Creating histograms is a fundamental aspect of data visualization, providing insights into the distribution and frequency of data. When comparing multiple datasets, it becomes essential to plot them together for comparative analysis. This tutorial will guide you through plotting two histograms on a single chart using Python’s Matplotlib library, with techniques to ensure both are visible regardless of their count values.
Introduction
Histograms display data distributions by grouping numbers into bins and showing the frequency of each bin as bars. When comparing datasets side-by-side, we often face challenges such as one histogram obscuring another due to overlapping bars. This tutorial will address these issues using Matplotlib’s plotting capabilities, offering solutions for both stacked (overlapping) and adjacent bar representations.
Setting Up Your Environment
Before you begin, ensure you have the necessary libraries installed:
pip install matplotlib numpy
These tools provide the core functionalities needed to generate histograms and manipulate their aesthetics.
Basic Histogram Plotting
Start by plotting two simple histograms with a basic overlap setting. Here’s an example using Gaussian distributions for demonstration:
import random
import numpy as np
from matplotlib import pyplot as plt
# Generate sample data
x = [random.gauss(3, 1) for _ in range(400)]
y = [random.gauss(4, 2) for _ in range(400)]
# Define bin edges
bins = np.linspace(-10, 10, 100)
# Plot histograms with transparency to overlap them
plt.hist(x, bins, alpha=0.5, label='x')
plt.hist(y, bins, alpha=0.5, label='y')
# Add legend and display plot
plt.legend(loc='upper right')
plt.show()
In this code:
alpha
is used to set the transparency of bars allowing both histograms to be visible.- The
label
parameter helps in distinguishing datasets when using a legend.

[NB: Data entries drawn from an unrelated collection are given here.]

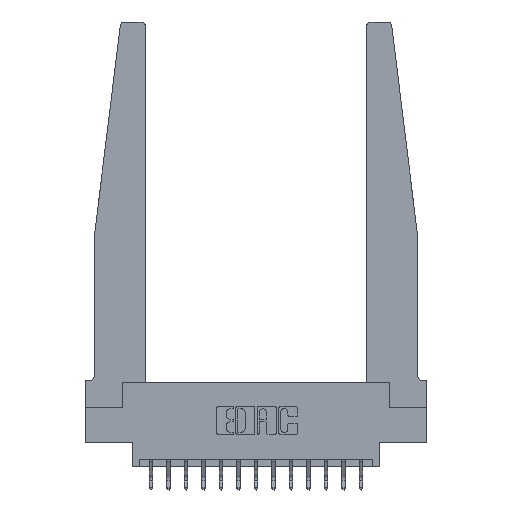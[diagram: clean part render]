
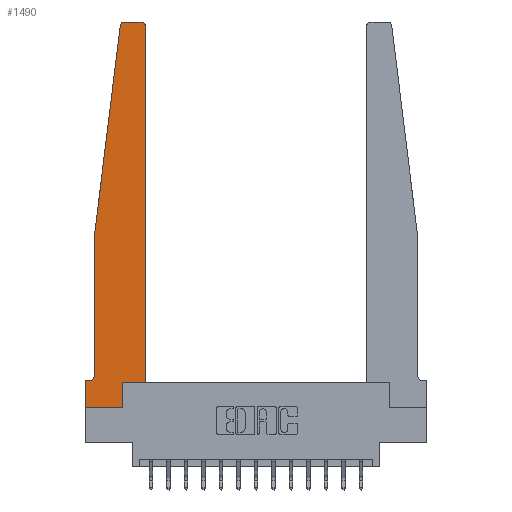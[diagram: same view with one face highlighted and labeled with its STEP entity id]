
A CAD part, top view. The second image highlights one B-rep face of the part: STEP entity #1490.
In plain terms, the highlighted planar face has unit normal (0, 0, 1).
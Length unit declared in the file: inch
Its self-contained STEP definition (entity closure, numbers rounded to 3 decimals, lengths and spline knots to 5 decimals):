
#187 = VECTOR ( 'NONE', #11471, 39.37008 ) ;
#728 = CARTESIAN_POINT ( 'NONE',  ( 0.25, 2.75, 0.37 ) ) ;
#776 = CARTESIAN_POINT ( 'NONE',  ( 0., 0., 0.37 ) ) ;
#872 = VERTEX_POINT ( 'NONE', #11358 ) ;
#966 = ORIENTED_EDGE ( 'NONE', *, *, #14735, .T. ) ;
#1274 = CARTESIAN_POINT ( 'NONE',  ( 0.065, 1.25, 0.37 ) ) ;
#1490 = ADVANCED_FACE ( 'NONE', ( #2339 ), #7859, .T. ) ;
#1570 = EDGE_CURVE ( 'NONE', #10822, #872, #14530, .T. ) ;
#1797 = DIRECTION ( 'NONE',  ( 0., 1., 0. ) ) ;
#1819 = CARTESIAN_POINT ( 'NONE',  ( 0.015, 0.1875, 0.37 ) ) ;
#1842 = CARTESIAN_POINT ( 'NONE',  ( 0.065, 1.25, 0.37 ) ) ;
#2105 = DIRECTION ( 'NONE',  ( -1., 0., 0. ) ) ;
#2115 = CARTESIAN_POINT ( 'NONE',  ( 0.065, 0.1875, 0.37 ) ) ;
#2339 = FACE_OUTER_BOUND ( 'NONE', #6630, .T. ) ;
#2379 = VERTEX_POINT ( 'NONE', #7065 ) ;
#2647 = AXIS2_PLACEMENT_3D ( 'NONE', #6317, #8947, #15874 ) ;
#2870 = CARTESIAN_POINT ( 'NONE',  ( 0., 0., 0.37 ) ) ;
#3141 = CARTESIAN_POINT ( 'NONE',  ( 0., 0., 0.37 ) ) ;
#3381 = LINE ( 'NONE', #2115, #16720 ) ;
#3712 = EDGE_CURVE ( 'NONE', #8958, #10822, #7441, .T. ) ;
#3829 = DIRECTION ( 'NONE',  ( -1., 0., 0. ) ) ;
#3869 = CARTESIAN_POINT ( 'NONE',  ( 0.395, 2.75, 0.37 ) ) ;
#3873 = CARTESIAN_POINT ( 'NONE',  ( 0.425, 0.18, 0.37 ) ) ;
#3912 = EDGE_CURVE ( 'NONE', #17514, #8958, #4047, .T. ) ;
#4047 = CIRCLE ( 'NONE', #14783, 0.03 ) ;
#4103 = CARTESIAN_POINT ( 'NONE',  ( 0.015, 0.2375, 0.37 ) ) ;
#4135 = DIRECTION ( 'NONE',  ( 1., 0., 0. ) ) ;
#4212 = LINE ( 'NONE', #2870, #187 ) ;
#4487 = DIRECTION ( 'NONE',  ( 0., 0., 1. ) ) ;
#4674 = EDGE_CURVE ( 'NONE', #11817, #5518, #9313, .T. ) ;
#4804 = DIRECTION ( 'NONE',  ( 0., -1., 0. ) ) ;
#4832 = ORIENTED_EDGE ( 'NONE', *, *, #9189, .T. ) ;
#4980 = EDGE_CURVE ( 'NONE', #16429, #11817, #14541, .T. ) ;
#5044 = ORIENTED_EDGE ( 'NONE', *, *, #12420, .T. ) ;
#5389 = CARTESIAN_POINT ( 'NONE',  ( 0.27653, 2.72, 0.37 ) ) ;
#5518 = VERTEX_POINT ( 'NONE', #1819 ) ;
#5753 = LINE ( 'NONE', #3141, #9712 ) ;
#5866 = EDGE_CURVE ( 'NONE', #2379, #6545, #16108, .T. ) ;
#5944 = CARTESIAN_POINT ( 'NONE',  ( 0.2605, 0.18, 0.37 ) ) ;
#6261 = DIRECTION ( 'NONE',  ( -0.122, -0.992, 0. ) ) ;
#6317 = CARTESIAN_POINT ( 'NONE',  ( 0., 0.1875, 0.37 ) ) ;
#6444 = CARTESIAN_POINT ( 'NONE',  ( 0.065, 0.2375, 0.37 ) ) ;
#6513 = ORIENTED_EDGE ( 'NONE', *, *, #3912, .T. ) ;
#6520 = VERTEX_POINT ( 'NONE', #12707 ) ;
#6545 = VERTEX_POINT ( 'NONE', #11354 ) ;
#6630 = EDGE_LOOP ( 'NONE', ( #7968, #7197, #15585, #8820, #7789, #17187, #966, #5044, #9394, #7447, #4832, #6513 ) ) ;
#6703 = VECTOR ( 'NONE', #7310, 39.37008 ) ;
#7065 = CARTESIAN_POINT ( 'NONE',  ( 0.2605, 0., 0.37 ) ) ;
#7138 = DIRECTION ( 'NONE',  ( 1., 0., 0. ) ) ;
#7197 = ORIENTED_EDGE ( 'NONE', *, *, #1570, .T. ) ;
#7273 = AXIS2_PLACEMENT_3D ( 'NONE', #5389, #8037, #4135 ) ;
#7310 = DIRECTION ( 'NONE',  ( 0., 1., 0. ) ) ;
#7441 = LINE ( 'NONE', #728, #13021 ) ;
#7447 = ORIENTED_EDGE ( 'NONE', *, *, #10141, .T. ) ;
#7627 = DIRECTION ( 'NONE',  ( -1., 0., 0. ) ) ;
#7662 = LINE ( 'NONE', #8931, #6703 ) ;
#7789 = ORIENTED_EDGE ( 'NONE', *, *, #4674, .T. ) ;
#7859 = PLANE ( 'NONE',  #2647 ) ;
#7914 = DIRECTION ( 'NONE',  ( 0., 0., -1. ) ) ;
#7968 = ORIENTED_EDGE ( 'NONE', *, *, #3712, .T. ) ;
#8037 = DIRECTION ( 'NONE',  ( 0., 0., 1. ) ) ;
#8201 = VECTOR ( 'NONE', #17510, 39.37008 ) ;
#8820 = ORIENTED_EDGE ( 'NONE', *, *, #4980, .T. ) ;
#8931 = CARTESIAN_POINT ( 'NONE',  ( 0.425, 0.18, 0.37 ) ) ;
#8947 = DIRECTION ( 'NONE',  ( 0., 0., 1. ) ) ;
#8958 = VERTEX_POINT ( 'NONE', #3869 ) ;
#8994 = CARTESIAN_POINT ( 'NONE',  ( 0.065, 1.25, 0.37 ) ) ;
#9000 = AXIS2_PLACEMENT_3D ( 'NONE', #4103, #7914, #3829 ) ;
#9189 = EDGE_CURVE ( 'NONE', #13513, #17514, #7662, .T. ) ;
#9313 = CIRCLE ( 'NONE', #9000, 0.05 ) ;
#9394 = ORIENTED_EDGE ( 'NONE', *, *, #5866, .T. ) ;
#9695 = CARTESIAN_POINT ( 'NONE',  ( 0.425, 2.72, 0.37 ) ) ;
#9712 = VECTOR ( 'NONE', #14116, 39.37008 ) ;
#10141 = EDGE_CURVE ( 'NONE', #6545, #13513, #14599, .T. ) ;
#10149 = CARTESIAN_POINT ( 'NONE',  ( 0.27653, 2.75, 0.37 ) ) ;
#10641 = VERTEX_POINT ( 'NONE', #776 ) ;
#10822 = VERTEX_POINT ( 'NONE', #10149 ) ;
#11354 = CARTESIAN_POINT ( 'NONE',  ( 0.2605, 0.18, 0.37 ) ) ;
#11358 = CARTESIAN_POINT ( 'NONE',  ( 0.24675, 2.72367, 0.37 ) ) ;
#11471 = DIRECTION ( 'NONE',  ( 0., -1., 0. ) ) ;
#11817 = VERTEX_POINT ( 'NONE', #6444 ) ;
#11955 = CARTESIAN_POINT ( 'NONE',  ( 0.425, 0.18, 0.37 ) ) ;
#12420 = EDGE_CURVE ( 'NONE', #10641, #2379, #5753, .T. ) ;
#12707 = CARTESIAN_POINT ( 'NONE',  ( 0., 0.1875, 0.37 ) ) ;
#13021 = VECTOR ( 'NONE', #2105, 39.37008 ) ;
#13271 = LINE ( 'NONE', #8994, #13532 ) ;
#13513 = VERTEX_POINT ( 'NONE', #3873 ) ;
#13532 = VECTOR ( 'NONE', #6261, 39.37008 ) ;
#14102 = EDGE_CURVE ( 'NONE', #5518, #6520, #3381, .T. ) ;
#14116 = DIRECTION ( 'NONE',  ( 1., 0., 0. ) ) ;
#14530 = CIRCLE ( 'NONE', #7273, 0.03 ) ;
#14541 = LINE ( 'NONE', #1842, #15602 ) ;
#14599 = LINE ( 'NONE', #11955, #8201 ) ;
#14735 = EDGE_CURVE ( 'NONE', #6520, #10641, #4212, .T. ) ;
#14783 = AXIS2_PLACEMENT_3D ( 'NONE', #15337, #4487, #7138 ) ;
#15227 = EDGE_CURVE ( 'NONE', #872, #16429, #13271, .T. ) ;
#15337 = CARTESIAN_POINT ( 'NONE',  ( 0.395, 2.72, 0.37 ) ) ;
#15585 = ORIENTED_EDGE ( 'NONE', *, *, #15227, .T. ) ;
#15602 = VECTOR ( 'NONE', #4804, 39.37008 ) ;
#15874 = DIRECTION ( 'NONE',  ( 1., 0., 0. ) ) ;
#16108 = LINE ( 'NONE', #5944, #17842 ) ;
#16429 = VERTEX_POINT ( 'NONE', #1274 ) ;
#16720 = VECTOR ( 'NONE', #7627, 39.37008 ) ;
#17187 = ORIENTED_EDGE ( 'NONE', *, *, #14102, .T. ) ;
#17510 = DIRECTION ( 'NONE',  ( 1., 0., 0. ) ) ;
#17514 = VERTEX_POINT ( 'NONE', #9695 ) ;
#17842 = VECTOR ( 'NONE', #1797, 39.37008 ) ;

Plotting Histograms Side-by-Side
When your objective is to compare distributions without overlap, plot histograms side-by-side. This approach visually distinguishes the frequency of each dataset:
import numpy as np
import matplotlib.pyplot as plt
# Generate random data
x = np.random.normal(1, 2, 5000)
y = np.random.normal(-1, 3, 2000)
# Define bins
bins = np.linspace(-10, 10, 30)
# Plot histograms side-by-side
plt.hist([x, y], bins, label=['x', 'y'], histtype='barstacked')
# Add legend and show plot
plt.legend(loc='upper right')
plt.show()
Here:
histtype='barstacked'
stacks the bars for a clear distinction.- Arrays can be of different lengths without affecting the visualization.
Handling Differing Sample Sizes
When datasets have significantly different sample sizes, normalization ensures fair comparison. This is achieved by adjusting the heights of histogram bars to represent probability densities:
import numpy as np
import matplotlib.pyplot as plt
# Generate data with differing sizes
x = np.random.normal(1, 2, 5000)
y = np.random.normal(-1, 3, 2000)
# Calculate weights for normalization
x_weights = np.ones_like(x) / len(x)
y_weights = np.ones_like(y) / len(y)
# Plot normalized histograms
plt.hist([x, y], bins=30, weights=[x_weights, y_weights], label=['x', 'y'], alpha=0.5, density=True)
# Add legend and display plot
plt.legend(loc='upper right')
plt.show()
In this code:
weights
is used to normalize each dataset.density=True
ensures the area under the histogram sums up to 1.
Advanced Customization
For complex visualizations where different y-axis scales are needed, dual axes can be employed:
import numpy as np
import matplotlib.pyplot as plt
# Generate sample data
y1 = np.random.normal(-2, 2, 1000)
y2 = np.random.normal(2, 2, 5000)
fig, ax1 = plt.subplots()
ax2 = ax1.twinx()
# Plot histograms on separate axes
n1, bins1, _ = ax1.hist(y1, color='b', alpha=0.5)
n2, bins2, _ = ax2.hist(y2, color='g', alpha=0.5)
# Clear original axis to avoid duplicate plots
ax1.cla()
ax2.cla()
# Calculate width and shift bin edges for side-by-side bars
width = (bins1[1] - bins1[0]) * 0.4
shifted_bins2 = bins2 + width
# Re-plot with adjusted positions
ax1.bar(bins1[:-1], n1, width=width, align='edge', color='b')
ax2.bar(shifted_bins2[:-1], n2, width=width, align='edge', color='g')
# Set axis labels and display plot
ax1.set_ylabel("Count (y1)", color='b')
ax2.set_ylabel("Count (y2)", color='g')
plt.tight_layout()
plt.show()
Here:
- Dual axes (
twinx
) allow separate y-scales for comparison. - Bar positions are adjusted using
width
to ensure clear visualization.
Conclusion
This tutorial covered various methods of plotting multiple histograms on a single chart using Matplotlib, including handling transparency, side-by-side bars, and normalized plots. Whether comparing distributions with equal or differing sample sizes, these techniques facilitate clear and effective data visualization.